Stored data
-=-=-=-=-

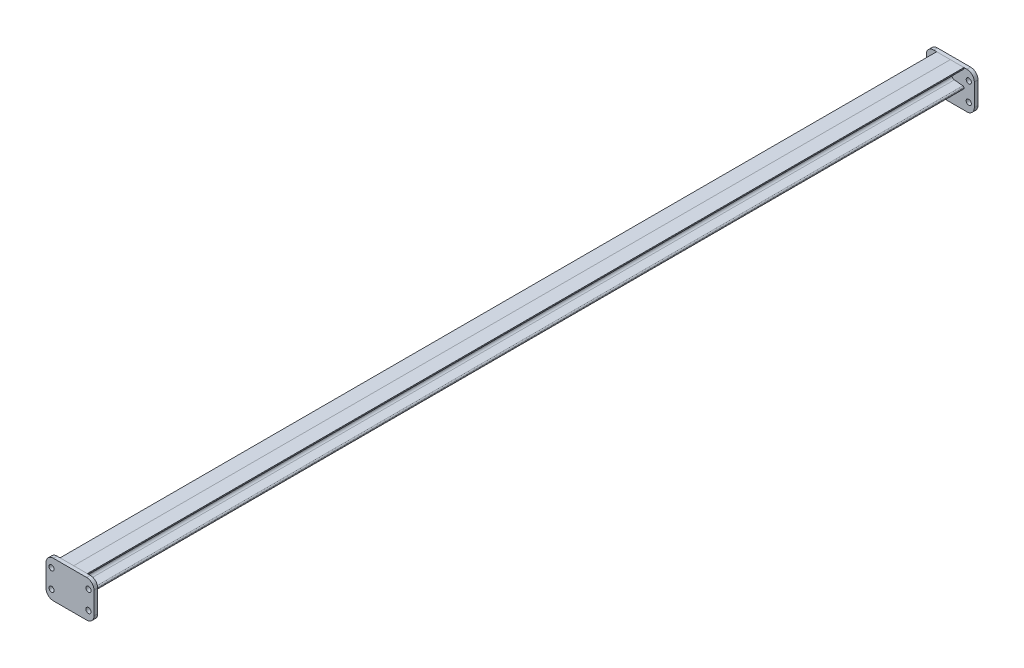
from build123d import *

# Parameters (mm, degrees)
MEMBER_5_1_DEPTH    = 2374
MEMBER_5_2_DEPTH    = 2374
EXTRUDE_1_DEPTH     = 10
SKETCH_15_R         = 7
CUT_EXTRUDE_1_DEPTH = 10
EXTRUDE_2_DEPTH     = 10
SKETCH_17_R         = 7
CUT_EXTRUDE_2_DEPTH = 10


with BuildPart() as part:
    # 草图12 → Member 5_1 (new body)
    with BuildSketch(Plane(origin=(0, 0, 0), x_dir=(1, 0, 0), z_dir=(0, 0, -1))):
        with BuildLine():
            Line((0, -25), (37, -25))
            Line((37, -25), (37, -22.792319516))
            ThreePointArc((37, -22.792319516), (36.095071711, -20.443787461), (33.848226964, -19.309685745))
            Line((33.848226964, -19.309685745), (10.803546073, -17.005458605))
            ThreePointArc((10.803546073, -17.005458605), (6.309856578, -14.737255173), (4.5, -10.040191063))
            Line((4.5, -10.040191063), (4.5, 10.040191063))
            ThreePointArc((4.5, 10.040191063), (6.309856578, 14.737255173), (10.803546073, 17.005458605))
            Line((10.803546073, 17.005458605), (33.848226964, 19.309685745))
            ThreePointArc((33.848226964, 19.309685745), (36.095071711, 20.443787461), (37, 22.792319516))
            Line((37, 22.792319516), (37, 25))
            Line((37, 25), (0, 25))
            Line((0, 25), (0, -25))
        make_face()
    extrude(amount=MEMBER_5_1_DEPTH)


with BuildPart() as body_2:
    # 草图13 → Member 5_2 (new body)
    with BuildSketch(Plane(origin=(0, 0, 0), x_dir=(-1, 0, 0), z_dir=(0, 0, -1))):
        with BuildLine():
            Line((0, -25), (37, -25))
            Line((37, -25), (37, -22.792319516))
            ThreePointArc((37, -22.792319516), (36.095071711, -20.443787461), (33.848226964, -19.309685745))
            Line((33.848226964, -19.309685745), (10.803546073, -17.005458605))
            ThreePointArc((10.803546073, -17.005458605), (6.309856578, -14.737255173), (4.5, -10.040191063))
            Line((4.5, -10.040191063), (4.5, 10.040191063))
            ThreePointArc((4.5, 10.040191063), (6.309856578, 14.737255173), (10.803546073, 17.005458605))
            Line((10.803546073, 17.005458605), (33.848226964, 19.309685745))
            ThreePointArc((33.848226964, 19.309685745), (36.095071711, 20.443787461), (37, 22.792319516))
            Line((37, 22.792319516), (37, 25))
            Line((37, 25), (0, 25))
            Line((0, 25), (0, -25))
        make_face()
    extrude(amount=MEMBER_5_2_DEPTH)


with BuildPart() as body_3:
    # 草图14 → 凸台-拉伸1 (new body)
    with BuildSketch(Plane.XY):
        with BuildLine():
            Line((45, 25), (-45, 25))
            ThreePointArc((-45, 25), (-59.142135624, 19.142135624), (-65, 5))
            Line((-65, 5), (-65, -55))
            ThreePointArc((-65, -55), (-59.142135624, -69.142135624), (-45, -75))
            Line((-45, -75), (45, -75))
            ThreePointArc((45, -75), (59.142135624, -69.142135624), (65, -55))
            Line((65, -55), (65, 5))
            ThreePointArc((65, 5), (59.142135624, 19.142135624), (45, 25))
        make_face()
    extrude(amount=EXTRUDE_1_DEPTH)

    # 草图15 → 切除-拉伸1 (cut)
    with BuildSketch(Plane.XY.offset(10)):
        with Locations((-50, 0)):
            Circle(SKETCH_15_R)
        with Locations((-50, -50)):
            Circle(SKETCH_15_R)
        with Locations((50, 0)):
            Circle(SKETCH_15_R)
        with Locations((50, -50)):
            Circle(SKETCH_15_R)
    extrude(amount=-CUT_EXTRUDE_1_DEPTH, mode=Mode.SUBTRACT)


with BuildPart() as body_4:
    # 草图16 → 凸台-拉伸2 (new body)
    with BuildSketch(Plane(origin=(0, 0, -2374), x_dir=(-1, 0, 0), z_dir=(0, 0, -1))):
        with BuildLine():
            Line((-65, 5), (-65, -55))
            ThreePointArc((-65, -55), (-59.142135624, -69.142135624), (-45, -75))
            Line((-45, -75), (45, -75))
            ThreePointArc((45, -75), (59.142135624, -69.142135624), (65, -55))
            Line((65, -55), (65, 5))
            ThreePointArc((65, 5), (59.142135624, 19.142135624), (45, 25))
            Line((45, 25), (-45, 25))
            ThreePointArc((-45, 25), (-59.142135624, 19.142135624), (-65, 5))
        make_face()
    extrude(amount=EXTRUDE_2_DEPTH)

    # 草图17 → 切除-拉伸2 (cut)
    with BuildSketch(Plane(origin=(0, 0, -2384), x_dir=(-1, 0, 0), z_dir=(0, 0, -1))):
        with Locations((50, 0)):
            Circle(SKETCH_17_R)
        with Locations((50, -50)):
            Circle(SKETCH_17_R)
        with Locations((-50, -50)):
            Circle(SKETCH_17_R)
        with Locations((-50, 0)):
            Circle(SKETCH_17_R)
    extrude(amount=-CUT_EXTRUDE_2_DEPTH, mode=Mode.SUBTRACT)


solid = Compound([part.part, body_2.part, body_3.part, body_4.part])

-=-=-=-=-

Exercise aim - All lines above that contain "amount" are required in the answer.

Written response -
    extrude(amount=MEMBER_5_1_DEPTH)
    extrude(amount=MEMBER_5_2_DEPTH)
    extrude(amount=EXTRUDE_1_DEPTH)
    extrude(amount=-CUT_EXTRUDE_1_DEPTH, mode=Mode.SUBTRACT)
    extrude(amount=EXTRUDE_2_DEPTH)
    extrude(amount=-CUT_EXTRUDE_2_DEPTH, mode=Mode.SUBTRACT)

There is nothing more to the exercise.